Ya, Buba can't see. Extremely farsighted. Extremely weak vision in his left eye (hence why he always closes that one to focus).

This whole twin thing is tricky. Those who have kiddos close in age probably experience similar sticky situations. I was really glad I didn't schedule the boys together because Breiden actually got this day all to himself. He got all the attention. He got the excitement. He was fussed over, and got to feel really special. This is something that my boys don't often get- in their world were everything happens at the same time/same age, their attention is almost always shared. And I loved taking him to pick out his new glasses and making him feel like the little king he is.


I was thoroughly shocked he didn't pick blue frames. He actually liked the most durable, bendable, kid-safe frames that daddy picked, and he really does look handsome  :)
But this was all really hard on Gavin. Because, although he knew that his day was coming soon, it wasn't today. It was the Game Ball all over again.


For at least the next 5 weeks, dear friends, there will be no confusion about who is who.
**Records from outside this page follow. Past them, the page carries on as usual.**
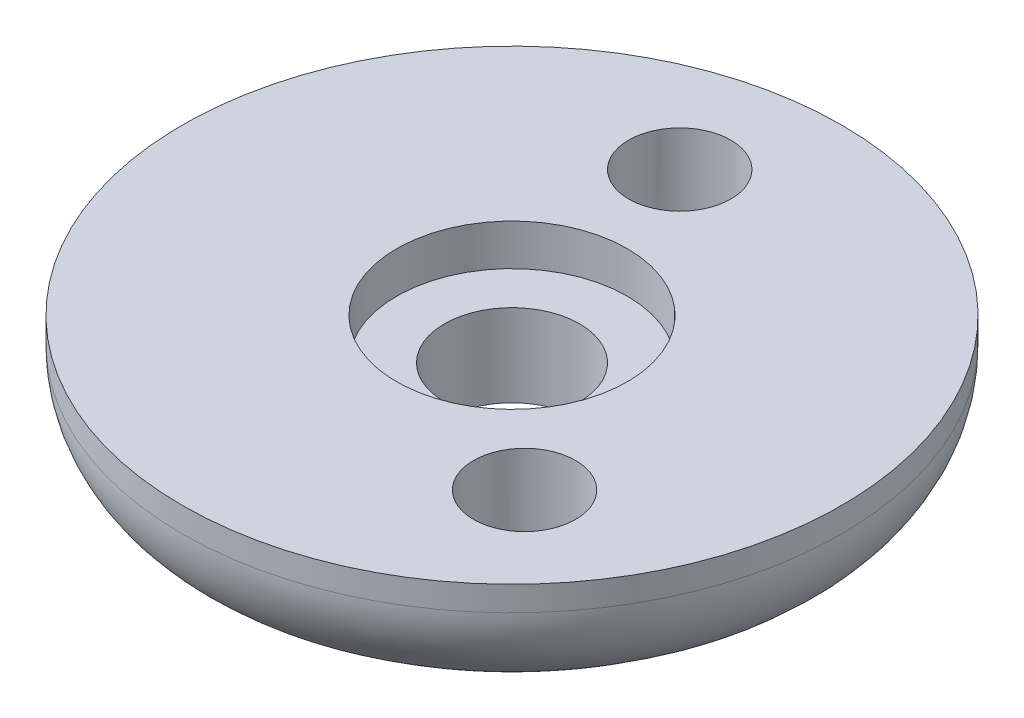
from build123d import *

# Parameters (mm, degrees)
BOSS_EXTRUDE1_DEPTH        = 3
BOSS_EXTRUDE1_DEPTH_BACK   = 10
SKETCH1_R                  = 10
SKETCH4_R                  = 1.5
HOLE_DEPTH                 = 20.973741561
HOLECIR_COUNT              = 5
SKETCH6_R                  = 3.5
BEARINGHOLE_DEPTH          = 2.5
SKETCH7_R                  = 2.05
SHAFTHOLE_DEPTH            = 17.248076982
F_3_1_3_1_DIAMETER_HOLE1_D = 3.1
FILLET2_R                  = 3
SKETCH11_R                 = 10
CUT_EXTRUDE1_DEPTH         = 10


with BuildPart() as part:
    # Sketch1 → Boss-Extrude1 (new, two sides: drawn at the far end of the back side and taken through both)
    with BuildSketch(Plane(origin=(0, 0, 0), x_dir=(1, 0, 0), z_dir=(0, 1, 0)).offset(-BOSS_EXTRUDE1_DEPTH_BACK)):
        with Locations(Location((0, 0, 0), (0, 0, 270))):
            Circle(SKETCH1_R)
    extrude(amount=BOSS_EXTRUDE1_DEPTH + BOSS_EXTRUDE1_DEPTH_BACK)

    # Sketch4 → hole (cut, through all)
    with BuildSketch(Plane(origin=(-3.352872105, -1.093066116, 1.887711608), x_dir=(-0.4486862613641547, -0.14627571033740308, -0.8816371449912632), z_dir=(0.8382180262940947, 0.2732665289126682, -0.47192790187872385))):
        with Locations(Location((0, 0, 0), (0, 0, 8.746528197))):
            Circle(SKETCH4_R)
    hole = extrude(amount=-HOLE_DEPTH, mode=Mode.SUBTRACT)

    # holecir: hole ×5 about axis
    holecir_axis = Axis((0, 0, 0), (0, 1, 0))
    for i in range(1, HOLECIR_COUNT):
        add(hole.rotate(holecir_axis, i * 360 / HOLECIR_COUNT), mode=Mode.SUBTRACT)

    # Sketch6 → bearinghole (cut)
    with BuildSketch(Plane(origin=(0, -5, 0), x_dir=(-1, 0, 0), z_dir=(0, -1, 0))):
        with Locations(Location((0, 0, 0), (0, 0, 90))):
            Circle(SKETCH6_R)
    extrude(amount=BEARINGHOLE_DEPTH, mode=Mode.SUBTRACT)

    # Sketch7 → shafthole (cut, through all)
    with BuildSketch(Plane(origin=(0, -5, 0), x_dir=(-1, 0, 0), z_dir=(0, -1, 0))):
        with Locations(Location((0, 0, 0), (0, 0, 90))):
            Circle(SKETCH7_R)
    extrude(amount=SHAFTHOLE_DEPTH, mode=Mode.SUBTRACT)

    # Ø3.1 (3.1) Diameter Hole1 (through all)
    with Locations(Plane(origin=(0, 3, 0), x_dir=(1, 0, 0), z_dir=(0, 1, 0))):
        with Locations((-1.282558474, 6.372208703), (4.783101903, -4.401356176)):
            Hole(F_3_1_3_1_DIAMETER_HOLE1_D / 2)

    # Fillet2
    # the kernel refuses this fillet: 3 mm, written as the material it takes off along each edge
    with BuildSketch(Plane(origin=(0, 3, 0), x_dir=(0, 0, 1), z_dir=(-1, 0, 0))) as fillet2_piece_1:
        with BuildLine():
            CenterArc((10 - FILLET2_R, -FILLET2_R), FILLET2_R, 0, 90)
            Line((10 - FILLET2_R, 0), (10, 0))
            Line((10, 0), (10, -FILLET2_R))
        make_face()
    revolve(axis=Axis((0, 3, 0), (0, 1, 0)), mode=Mode.SUBTRACT)
    with BuildSketch(Plane(origin=(0, -10, 0), x_dir=(0, 0, 1), z_dir=(-1, 0, 0))) as fillet2_piece_2:
        with BuildLine():
            CenterArc((10 - FILLET2_R, FILLET2_R), FILLET2_R, 270, 90)
            Line((10 - FILLET2_R, 0), (10, 0))
            Line((10, 0), (10, FILLET2_R))
        make_face()
    revolve(axis=Axis((0, -10, 0), (0, 1, 0)), mode=Mode.SUBTRACT)

    # Sketch11 → Cut-Extrude1 (cut)
    with BuildSketch(Plane(origin=(0, -6.25, 0), x_dir=(-1, 0, 0), z_dir=(0, -1, 0))):
        with Locations(Location((0, 0, 0), (0, 0, 270))):
            Circle(SKETCH11_R)
    extrude(amount=-CUT_EXTRUDE1_DEPTH, mode=Mode.SUBTRACT)


solid = part.part

B will be the stud in the glasses.


Magnified eyes, magnified eye lashes

And Gavin is the cute kid longing for glasses like his brother.


Oh, but don't get anxious about what you will do if they inevitably both have glasses- Breiden will be sporting a patch over his right eye in 5 weeks to strengthen that weak left eye. So wa-la, telling-my boys-apart-problem solved once again. And then, of course, there is always the default blue and green code.

Seriously, the kid's vision is bad. No fake failing his eye exam- these are coke bottle thick, or pretty close.



We went over to Publix (grocery store) to get the kids a donut after we picked up Brei's glasses. He was pointing at everything and saying "Mommy, you see that?". I was shocked. For the first time he is really seeing the world and I had no idea that he couldn't before. I put on his glasses to see how strong a +7 prescription is, and everything was just as blurry as the grass in the background of the above pictures. Good news, is that his eyes should progressively get better.